Vexillum purpuratum

Scientific classification
- Kingdom: Animalia
- Phylum: Mollusca
- Class: Gastropoda
- Subclass: Caenogastropoda
- Order: Neogastropoda
- Family: Costellariidae
- Genus: Vexillum
- Species: V. purpuratum
- Binomial name: Vexillum purpuratum (Reeve, 1845)
- Synonyms: Mitra purpurata Reeve, 1845 · unaccepted (original combination); Pusia purpuratum (Reeve, 1845); Vexillum (Pusia) purpuratum (Reeve, 1845);

= Vexillum purpuratum =

- Authority: (Reeve, 1845)
- Synonyms: Mitra purpurata Reeve, 1845 · unaccepted (original combination), Pusia purpuratum (Reeve, 1845), Vexillum (Pusia) purpuratum (Reeve, 1845)

Species of gastropod

Vexillum purpuratum, common name the purple-tinged mitre, is a species of small sea snail, marine gastropod mollusk in the family Costellariidae, the ribbed miters.

==Description==
The length of the shell attains 7 mm.

(Original description) The ovate shell is attenuated at both ends.
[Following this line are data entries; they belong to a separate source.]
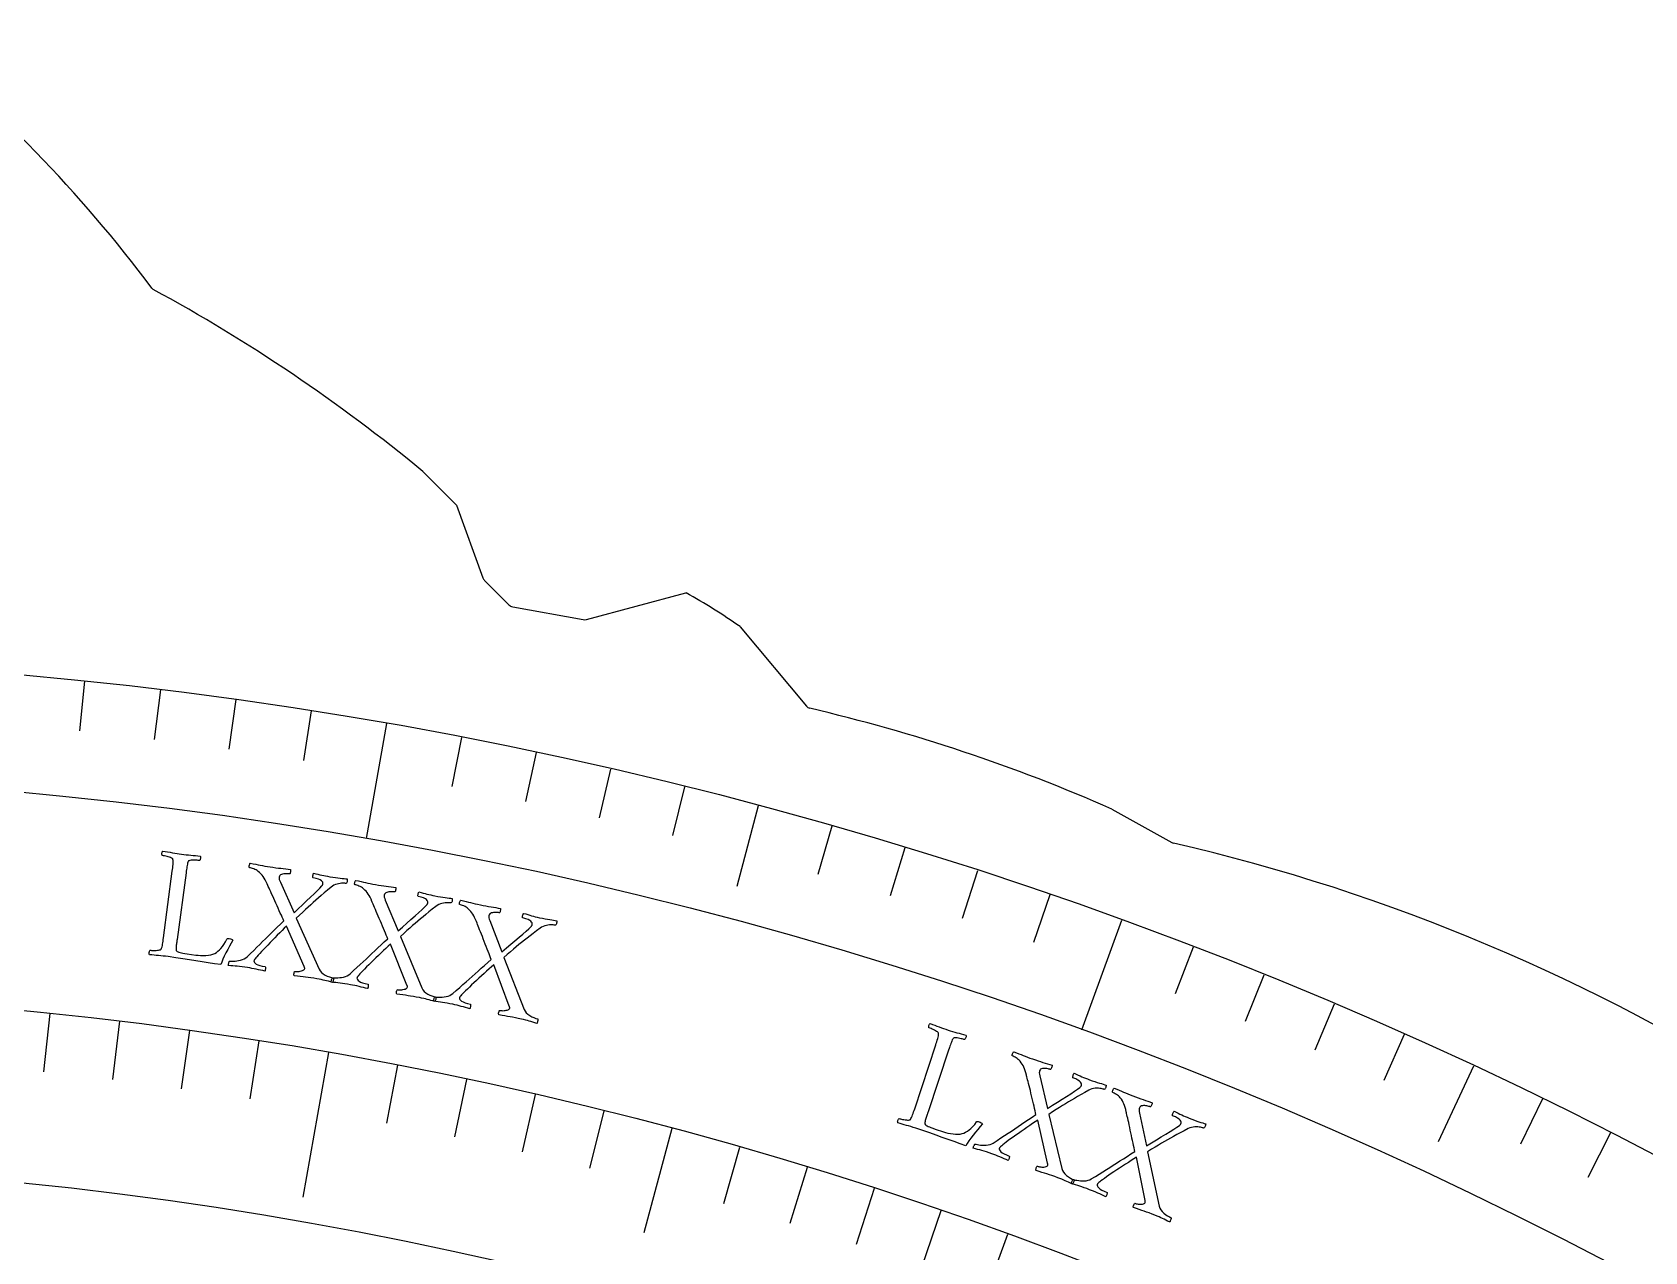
# Model space of a CAD drawing. Header units: millimetres. Extents: x -93 to 93, y -93 to 104.
# Drawn here: x 8.39 to 41.86, y 78.3 to 103.63 of the extents above; entities that cross this region are included whole.
import ezdxf

# ---------------------------------------------------------------- set-up
doc = ezdxf.new("R2010")
doc.units = ezdxf.units.MM
for name, color, linetype in [('CUT_OUTER', 1, 'Continuous'), ('ENGRAVE', 7, 'Continuous'), ('ENGRAVE_FINE', 8, 'Continuous'), ('TEXT', 5, 'Continuous')]:
    doc.layers.add(name, color=color, linetype=linetype)

msp = doc.modelspace()

# ---------------------------------------------------------------- linework, layer by layer
at = {"layer": 'CUT_OUTER'}
for points in [[(16.4962, 94.5066), (17.1919, 93.8108), (17.1946, 93.8078), (17.1962, 93.8041), (17.7449, 92.2963)], [(17.7798, 92.2415), (18.2837, 91.7376)], [(19.8922, 91.4329), (21.9595, 91.9838), (21.9632, 91.9846)], [(18.363, 91.6961), (19.8267, 91.4302)], [(23.0851, 91.2835), (23.0878, 91.2806), (24.4611, 89.6338)], [(30.8028, 87.495), (32.046, 86.8041), (32.0618, 86.7965), (32.0784, 86.7908)]]:
    msp.add_lwpolyline(points, dxfattribs=at)
for centre, radius, start, end in [((-11.6851, 81.5207), 28.1189, 36.66366, 51.825), ((10.9838, 98.4093), 0.15, 220.99933, 235.97984), ((-5.9586, 67.2821), 35.2901, 50.48411, 61.46395), ((17.8859, 92.3476), 0.15, 199.9969, 225), ((18.3898, 91.8437), 0.15, 225, 259.70422), ((15.7025, 80.7179), 12.8893, 55.05645, 60.93992), ((19.8535, 91.5778), 0.15, 259.70422, 284.92201), ((24.5763, 89.7299), 0.15, 219.82725, 251.56001), ((16.4104, 54.7958), 35.7264, 66.24359, 76.86534), ((23.0701, 47.8866), 39.9335, 57.23597, 76.96283)]:
    msp.add_arc(centre, radius, start, end, dxfattribs=at)
at = {"layer": 'ENGRAVE'}
for points in [[(15.7412, 89.2728), (15.3196, 86.8816)], [(23.4619, 87.5612), (23.0131, 85.8859)], [(31.0041, 85.1831), (30.1737, 82.9014)], [(14.5365, 82.4407), (14.0065, 79.4346)], [(38.3103, 82.1568), (37.5774, 80.5849)], [(21.6664, 80.8601), (21.087, 78.6978)], [(28.6314, 78.664), (27.5873, 75.7956)]]:
    msp.add_lwpolyline(points, dxfattribs=at)
for radius in [90.65, 90.65, 88.2219, 83.7125, 83.7125, 80.1513]:
    msp.add_circle((0, 0), radius, dxfattribs=at)
at = {"layer": 'ENGRAVE_FINE'}
for points in [[(9.4755, 90.1534), (9.3667, 89.1185)], [(11.0475, 89.9743), (10.9206, 88.9414)], [(12.616, 89.7678), (12.4712, 88.7373)], [(14.1808, 89.5339), (14.018, 88.5061)], [(17.2968, 88.9845), (17.0983, 87.963)], [(18.8472, 88.6691), (18.6308, 87.6512)], [(20.3918, 88.3266), (20.1577, 87.3127)], [(21.9302, 87.9573), (21.6785, 86.9476)], [(24.9865, 87.1384), (24.6997, 86.1381)], [(26.5035, 86.689), (26.1992, 85.6939)], [(28.0124, 86.2133), (27.6908, 85.2236)], [(29.5128, 85.7113), (29.174, 84.7273)], [(32.4861, 84.6291), (32.1131, 83.6576)], [(33.9581, 84.0492), (33.5683, 83.0844)], [(35.4198, 83.4438), (35.0132, 82.4859)], [(8.7503, 83.2539), (8.6227, 82.0396)], [(10.202, 83.0885), (10.0532, 81.8766)], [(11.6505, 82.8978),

The spire is rather short and somewhat turreted. The whorls are flatly angulated at the sutures, longitudinally ribbed with numerous ribs, narrow and prominent. The interstices are impressly cancellated. The shell is brownish-purple, encircled with a narrow white zone. The columella is four-plaited.

==Distribution==
This marine species occurs off the Philippines, Japan, Guam and Fiji Islands.